A new device can detect radiation on a scale of one trillionth of the usual size

radiation detectors

A group of researchers has accurately measured energies that are a trillion times smaller than those measured by standard instruments. This means that microwave radiation can be assessed more accurately in quantum physics experiments.

Being able to build quantum information systems by measuring ultra-low levels of power is useful for scientists.digital nitrate tester Because, quantum systems develop on a very small scale, the temperature is usually very low. And now we can analyze the measurements with much higher precision requirements.

In quantum experiments, energy is measured by a special thermometer called a "calorimeter".radiation detectors It tracks temperature by changing the resistance of a small piece of material (usually a metal or semiconductor) as it absorbs energy.

The researchers added a heater of known current and voltage to the new system.geiger counter handheld By knowing exactly how much heat was being put in, the scientists found very small changes in energy caused by very weak microwaves.

Part of what makes quantum physics so challenging is that quantum systems are so fragile that they can be damaged or interfered with by the tiniest disturbances, including the tools we use to measure them. One way the new method can help is by detecting these disturbances.

To get accurate results, the measuring line used to control the quantum bits should be at a very low temperature, free of thermal photons and excess radiation. Now, with this radiometric thermometer, we can actually measure the temperature of the radiation without interference from the quantum bit circuitry.
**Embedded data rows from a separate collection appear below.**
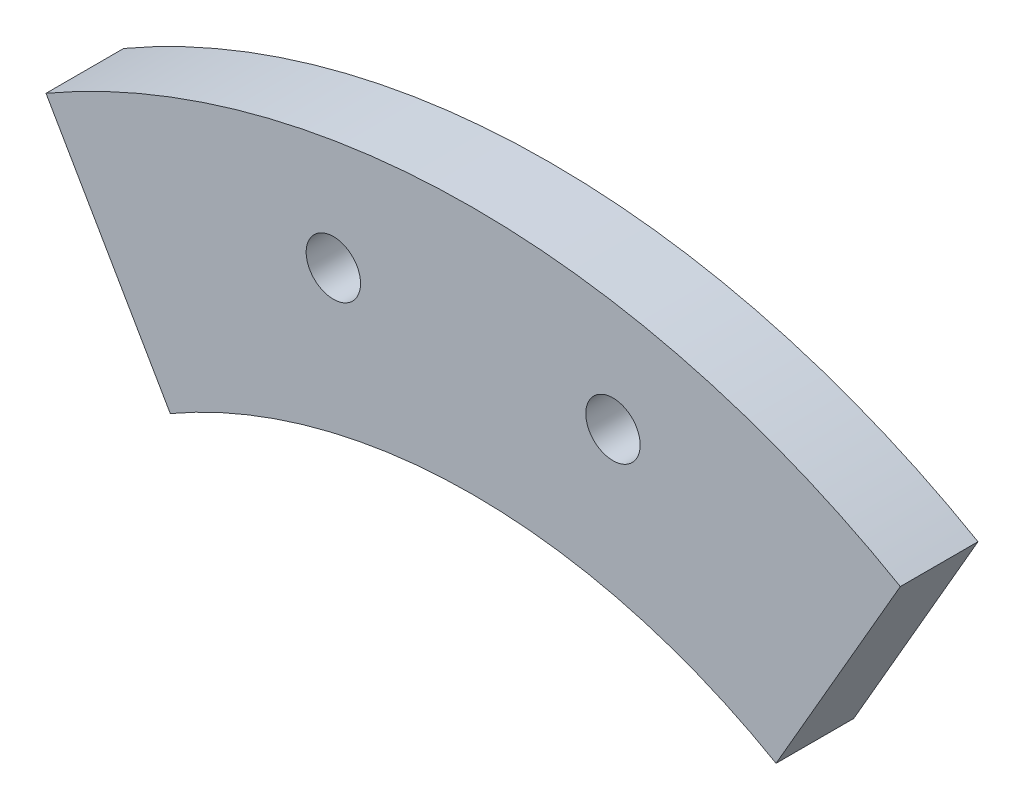
ISO-10303-21;
HEADER;
FILE_DESCRIPTION(('STEP AP214'),'2;1');
FILE_NAME('part.step','',(''),(''),'','','');
FILE_SCHEMA(('AUTOMOTIVE_DESIGN { 1 0 10303 214 1 1 1 1 }'));
ENDSEC;
DATA;
#1=APPLICATION_CONTEXT('core data for automotive mechanical design processes');
#2=APPLICATION_PROTOCOL_DEFINITION('international standard','automotive_design',2000,#1);
#3=PRODUCT_CONTEXT('',#1,'mechanical');
#4=PRODUCT('Part','Part','',(#3));
#5=PRODUCT_RELATED_PRODUCT_CATEGORY('part','',(#4));
#6=PRODUCT_DEFINITION_FORMATION('','',#4);
#7=PRODUCT_DEFINITION_CONTEXT('part definition',#1,'design');
#8=PRODUCT_DEFINITION('design','',#6,#7);
#9=PRODUCT_DEFINITION_SHAPE('','',#8);
#10=(LENGTH_UNIT() NAMED_UNIT(*) SI_UNIT(.MILLI.,.METRE.));
#11=(NAMED_UNIT(*) PLANE_ANGLE_UNIT() SI_UNIT($,.RADIAN.));
#12=(NAMED_UNIT(*) SI_UNIT($,.STERADIAN.) SOLID_ANGLE_UNIT());
#13=UNCERTAINTY_MEASURE_WITH_UNIT(LENGTH_MEASURE(1.E-05),#10,'distance_accuracy_value','');
#14=(GEOMETRIC_REPRESENTATION_CONTEXT(3) GLOBAL_UNCERTAINTY_ASSIGNED_CONTEXT((#13)) GLOBAL_UNIT_ASSIGNED_CONTEXT((#10,
#11,#12)) REPRESENTATION_CONTEXT('',''));
#15=CARTESIAN_POINT('',(0.,0.,0.));
#16=DIRECTION('',(0.,0.,1.));
#17=DIRECTION('',(1.,0.,0.));
#18=AXIS2_PLACEMENT_3D('',#15,#16,#17);
#19=CARTESIAN_POINT('',(0.,0.,5.));
#20=DIRECTION('',(-0.866025403784438,0.500000000000001,0.));
#21=DIRECTION('',(-0.500000000000001,-0.866025403784438,0.));
#22=AXIS2_PLACEMENT_3D('',#19,#20,#21);
#23=PLANE('',#22);
#24=DIRECTION('',(0.500000000000001,0.866025403784438,0.));
#25=VECTOR('',#24,1.);
#26=CARTESIAN_POINT('',(0.,0.,5.));
#27=LINE('',#26,#25);
#28=CARTESIAN_POINT('',(19.5,33.7749907475931,5.));
#29=VERTEX_POINT('',#28);
#30=CARTESIAN_POINT('',(27.5000000000001,47.6313972081441,5.));
#31=VERTEX_POINT('',#30);
#32=EDGE_CURVE('E111',#29,#31,#27,.T.);
#33=ORIENTED_EDGE('',*,*,#32,.F.);
#34=DIRECTION('',(0.,0.,-1.));
#35=VECTOR('',#34,1.);
#36=CARTESIAN_POINT('',(19.5,33.7749907475931,5.));
#37=LINE('',#36,#35);
#38=CARTESIAN_POINT('',(19.5,33.7749907475931,0.));
#39=VERTEX_POINT('',#38);
#40=EDGE_CURVE('E107',#29,#39,#37,.T.);
#41=ORIENTED_EDGE('',*,*,#40,.T.);
#42=DIRECTION('',(0.500000000000001,0.866025403784438,0.));
#43=VECTOR('',#42,1.);
#44=CARTESIAN_POINT('',(0.,0.,0.));
#45=LINE('',#44,#43);
#46=CARTESIAN_POINT('',(27.5000000000001,47.6313972081441,0.));
#47=VERTEX_POINT('',#46);
#48=EDGE_CURVE('E97',#39,#47,#45,.T.);
#49=ORIENTED_EDGE('',*,*,#48,.T.);
#50=DIRECTION('',(0.,0.,-1.));
#51=VECTOR('',#50,1.);
#52=CARTESIAN_POINT('',(27.5000000000001,47.6313972081441,5.));
#53=LINE('',#52,#51);
#54=EDGE_CURVE('E13',#31,#47,#53,.T.);
#55=ORIENTED_EDGE('',*,*,#54,.F.);
#56=EDGE_LOOP('',(#33,#41,#49,#55));
#57=FACE_BOUND('',#56,.T.);
#58=ADVANCED_FACE('F46',(#57),#23,.F.);
#59=CARTESIAN_POINT('',(0.,0.,5.));
#60=DIRECTION('',(0.,0.,-1.));
#61=DIRECTION('',(-1.,0.,0.));
#62=AXIS2_PLACEMENT_3D('',#59,#60,#61);
#63=CYLINDRICAL_SURFACE('',#62,55.);
#64=CARTESIAN_POINT('',(0.,0.,0.));
#65=DIRECTION('',(0.,0.,1.));
#66=DIRECTION('',(1.,0.,0.));
#67=AXIS2_PLACEMENT_3D('',#64,#65,#66);
#68=CIRCLE('',#67,55.);
#69=CARTESIAN_POINT('',(-27.5000000000001,47.6313972081441,0.));
#70=VERTEX_POINT('',#69);
#71=EDGE_CURVE('E87',#47,#70,#68,.T.);
#72=ORIENTED_EDGE('',*,*,#71,.T.);
#73=DIRECTION('',(0.,0.,-1.));
#74=VECTOR('',#73,1.);
#75=CARTESIAN_POINT('',(-27.5000000000001,47.6313972081441,5.));
#76=LINE('',#75,#74);
#77=CARTESIAN_POINT('',(-27.5000000000001,47.6313972081441,5.));
#78=VERTEX_POINT('',#77);
#79=EDGE_CURVE('E54',#78,#70,#76,.T.);
#80=ORIENTED_EDGE('',*,*,#79,.F.);
#81=CARTESIAN_POINT('',(0.,0.,5.));
#82=DIRECTION('',(0.,0.,1.));
#83=DIRECTION('',(1.,0.,0.));
#84=AXIS2_PLACEMENT_3D('',#81,#82,#83);
#85=CIRCLE('',#84,55.);
#86=EDGE_CURVE('E109',#31,#78,#85,.T.);
#87=ORIENTED_EDGE('',*,*,#86,.F.);
#88=ORIENTED_EDGE('',*,*,#54,.T.);
#89=EDGE_LOOP('',(#72,#80,#87,#88));
#90=FACE_BOUND('',#89,.T.);
#91=ADVANCED_FACE('F95',(#90),#63,.T.);
#92=CARTESIAN_POINT('',(-9.,47.1487009365051,5.));
#93=DIRECTION('',(0.,0.,-1.));
#94=DIRECTION('',(-1.,0.,0.));
#95=AXIS2_PLACEMENT_3D('',#92,#93,#94);
#96=CYLINDRICAL_SURFACE('',#95,1.75);
#97=CARTESIAN_POINT('',(-9.,47.1487009365051,5.));
#98=DIRECTION('',(0.,0.,1.));
#99=DIRECTION('',(1.,0.,0.));
#100=AXIS2_PLACEMENT_3D('',#97,#98,#99);
#101=CIRCLE('',#100,1.75);
#102=CARTESIAN_POINT('',(-7.25,47.1487009365051,5.));
#103=VERTEX_POINT('',#102);
#104=EDGE_CURVE('E113',#103,#103,#101,.T.);
#105=ORIENTED_EDGE('',*,*,#104,.T.);
#106=EDGE_LOOP('',(#105));
#107=FACE_BOUND('',#106,.T.);
#108=CARTESIAN_POINT('',(-9.,47.1487009365051,0.));
#109=DIRECTION('',(0.,0.,1.));
#110=DIRECTION('',(1.,0.,0.));
#111=AXIS2_PLACEMENT_3D('',#108,#109,#110);
#112=CIRCLE('',#111,1.75);
#113=CARTESIAN_POINT('',(-7.25,47.1487009365051,0.));
#114=VERTEX_POINT('',#113);
#115=EDGE_CURVE('E99',#114,#114,#112,.T.);
#116=ORIENTED_EDGE('',*,*,#115,.F.);
#117=EDGE_LOOP('',(#116));
#118=FACE_BOUND('',#117,.T.);
#119=ADVANCED_FACE('F148',(#107,#118),#96,.F.);
#120=CARTESIAN_POINT('',(9.,47.1487009365051,5.));
#121=DIRECTION('',(0.,0.,-1.));
#122=DIRECTION('',(-1.,0.,0.));
#123=AXIS2_PLACEMENT_3D('',#120,#121,#122);
#124=CYLINDRICAL_SURFACE('',#123,1.75);
#125=CARTESIAN_POINT('',(9.,47.1487009365051,5.));
#126=DIRECTION('',(0.,0.,1.));
#127=DIRECTION('',(1.,0.,0.));
#128=AXIS2_PLACEMENT_3D('',#125,#126,#127);
#129=CIRCLE('',#128,1.75);
#130=CARTESIAN_POINT('',(10.75,47.1487009365051,5.));
#131=VERTEX_POINT('',#130);
#132=EDGE_CURVE('E89',#131,#131,#129,.T.);
#133=ORIENTED_EDGE('',*,*,#132,.T.);
#134=EDGE_LOOP('',(#133));
#135=FACE_BOUND('',#134,.T.);
#136=CARTESIAN_POINT('',(9.,47.1487009365051,0.));
#137=DIRECTION('',(0.,0.,1.));
#138=DIRECTION('',(1.,0.,0.));
#139=AXIS2_PLACEMENT_3D('',#136,#137,#138);
#140=CIRCLE('',#139,1.75);
#141=CARTESIAN_POINT('',(10.75,47.1487009365051,0.));
#142=VERTEX_POINT('',#141);
#143=EDGE_CURVE('E104',#142,#142,#140,.T.);
#144=ORIENTED_EDGE('',*,*,#143,.F.);
#145=EDGE_LOOP('',(#144));
#146=FACE_BOUND('',#145,.T.);
#147=ADVANCED_FACE('F48',(#135,#146),#124,.F.);
#148=CARTESIAN_POINT('',(0.,0.,5.));
#149=DIRECTION('',(-0.866025403784438,-0.500000000000001,0.));
#150=DIRECTION('',(0.500000000000001,-0.866025403784438,0.));
#151=AXIS2_PLACEMENT_3D('',#148,#149,#150);
#152=PLANE('',#151);
#153=DIRECTION('',(0.,0.,-1.));
#154=VECTOR('',#153,1.);
#155=CARTESIAN_POINT('',(-19.5000000000001,33.7749907475931,5.));
#156=LINE('',#155,#154);
#157=CARTESIAN_POINT('',(-19.5,33.7749907475931,5.));
#158=VERTEX_POINT('',#157);
#159=CARTESIAN_POINT('',(-19.5,33.7749907475931,0.));
#160=VERTEX_POINT('',#159);
#161=EDGE_CURVE('E61',#158,#160,#156,.T.);
#162=ORIENTED_EDGE('',*,*,#161,.F.);
#163=DIRECTION('',(-0.500000000000001,0.866025403784438,0.));
#164=VECTOR('',#163,1.);
#165=CARTESIAN_POINT('',(0.,0.,5.));
#166=LINE('',#165,#164);
#167=EDGE_CURVE('E69',#158,#78,#166,.T.);
#168=ORIENTED_EDGE('',*,*,#167,.T.);
#169=ORIENTED_EDGE('',*,*,#79,.T.);
#170=DIRECTION('',(-0.500000000000001,0.866025403784438,0.));
#171=VECTOR('',#170,1.);
#172=CARTESIAN_POINT('',(0.,0.,0.));
#173=LINE('',#172,#171);
#174=EDGE_CURVE('E83',#160,#70,#173,.T.);
#175=ORIENTED_EDGE('',*,*,#174,.F.);
#176=EDGE_LOOP('',(#162,#168,#169,#175));
#177=FACE_BOUND('',#176,.T.);
#178=ADVANCED_FACE('F92',(#177),#152,.T.);
#179=CARTESIAN_POINT('',(0.,0.,5.));
#180=DIRECTION('',(0.,0.,1.));
#181=DIRECTION('',(1.,0.,0.));
#182=AXIS2_PLACEMENT_3D('',#179,#180,#181);
#183=PLANE('',#182);
#184=CARTESIAN_POINT('',(0.,0.,5.));
#185=DIRECTION('',(0.,0.,-1.));
#186=DIRECTION('',(-1.,0.,0.));
#187=AXIS2_PLACEMENT_3D('',#184,#185,#186);
#188=CIRCLE('',#187,39.);
#189=EDGE_CURVE('E121',#158,#29,#188,.T.);
#190=ORIENTED_EDGE('',*,*,#189,.T.);
#191=ORIENTED_EDGE('',*,*,#32,.T.);
#192=ORIENTED_EDGE('',*,*,#86,.T.);
#193=ORIENTED_EDGE('',*,*,#167,.F.);
#194=EDGE_LOOP('',(#190,#191,#192,#193));
#195=FACE_BOUND('',#194,.T.);
#196=ORIENTED_EDGE('',*,*,#132,.F.);
#197=EDGE_LOOP('',(#196));
#198=FACE_BOUND('',#197,.T.);
#199=ORIENTED_EDGE('',*,*,#104,.F.);
#200=EDGE_LOOP('',(#199));
#201=FACE_BOUND('',#200,.T.);
#202=ADVANCED_FACE('F127',(#195,#198,#201),#183,.T.);
#203=CARTESIAN_POINT('',(0.,0.,0.));
#204=DIRECTION('',(0.,0.,1.));
#205=DIRECTION('',(1.,0.,0.));
#206=AXIS2_PLACEMENT_3D('',#203,#204,#205);
#207=PLANE('',#206);
#208=ORIENTED_EDGE('',*,*,#143,.T.);
#209=EDGE_LOOP('',(#208));
#210=FACE_BOUND('',#209,.T.);
#211=ORIENTED_EDGE('',*,*,#115,.T.);
#212=EDGE_LOOP('',(#211));
#213=FACE_BOUND('',#212,.T.);
#214=ORIENTED_EDGE('',*,*,#48,.F.);
#215=CARTESIAN_POINT('',(0.,0.,0.));
#216=DIRECTION('',(0.,0.,-1.));
#217=DIRECTION('',(-1.,0.,0.));
#218=AXIS2_PLACEMENT_3D('',#215,#216,#217);
#219=CIRCLE('',#218,39.);
#220=EDGE_CURVE('E88',#160,#39,#219,.T.);
#221=ORIENTED_EDGE('',*,*,#220,.F.);
#222=ORIENTED_EDGE('',*,*,#174,.T.);
#223=ORIENTED_EDGE('',*,*,#71,.F.);
#224=EDGE_LOOP('',(#214,#221,#222,#223));
#225=FACE_BOUND('',#224,.T.);
#226=ADVANCED_FACE('F85',(#210,#213,#225),#207,.F.);
#227=CARTESIAN_POINT('',(0.,0.,5.));
#228=DIRECTION('',(0.,0.,-1.));
#229=DIRECTION('',(-1.,0.,0.));
#230=AXIS2_PLACEMENT_3D('',#227,#228,#229);
#231=CYLINDRICAL_SURFACE('',#230,39.);
#232=ORIENTED_EDGE('',*,*,#189,.F.);
#233=ORIENTED_EDGE('',*,*,#161,.T.);
#234=ORIENTED_EDGE('',*,*,#220,.T.);
#235=ORIENTED_EDGE('',*,*,#40,.F.);
#236=EDGE_LOOP('',(#232,#233,#234,#235));
#237=FACE_BOUND('',#236,.T.);
#238=ADVANCED_FACE('F134',(#237),#231,.F.);
#239=CLOSED_SHELL('',(#58,#91,#119,#147,#178,#202,#226,#238));
#240=MANIFOLD_SOLID_BREP('B2',#239);
#241=ADVANCED_BREP_SHAPE_REPRESENTATION('',(#18,#240),#14);
#242=SHAPE_DEFINITION_REPRESENTATION(#9,#241);
ENDSEC;
END-ISO-10303-21;

The new device is called a "nanoradiometer," and early tests of weak microwave technology using radio frequency transmission lines have shown that the instrumental analysis can more accurately record changes in system power.

Of course, this work also builds on earlier research to create a radiothermometer capable of measuring the energy states of quantum bits. The method is scalable and does not consume much energy while eliminating any potential interference from the quantum bits.

Radiometric thermometers could be used in a variety of scenarios, including as part of deep space telescopes, but if they could actually be used for quantum bits, it would mean we are one step closer to fully realizing a quantum computing system.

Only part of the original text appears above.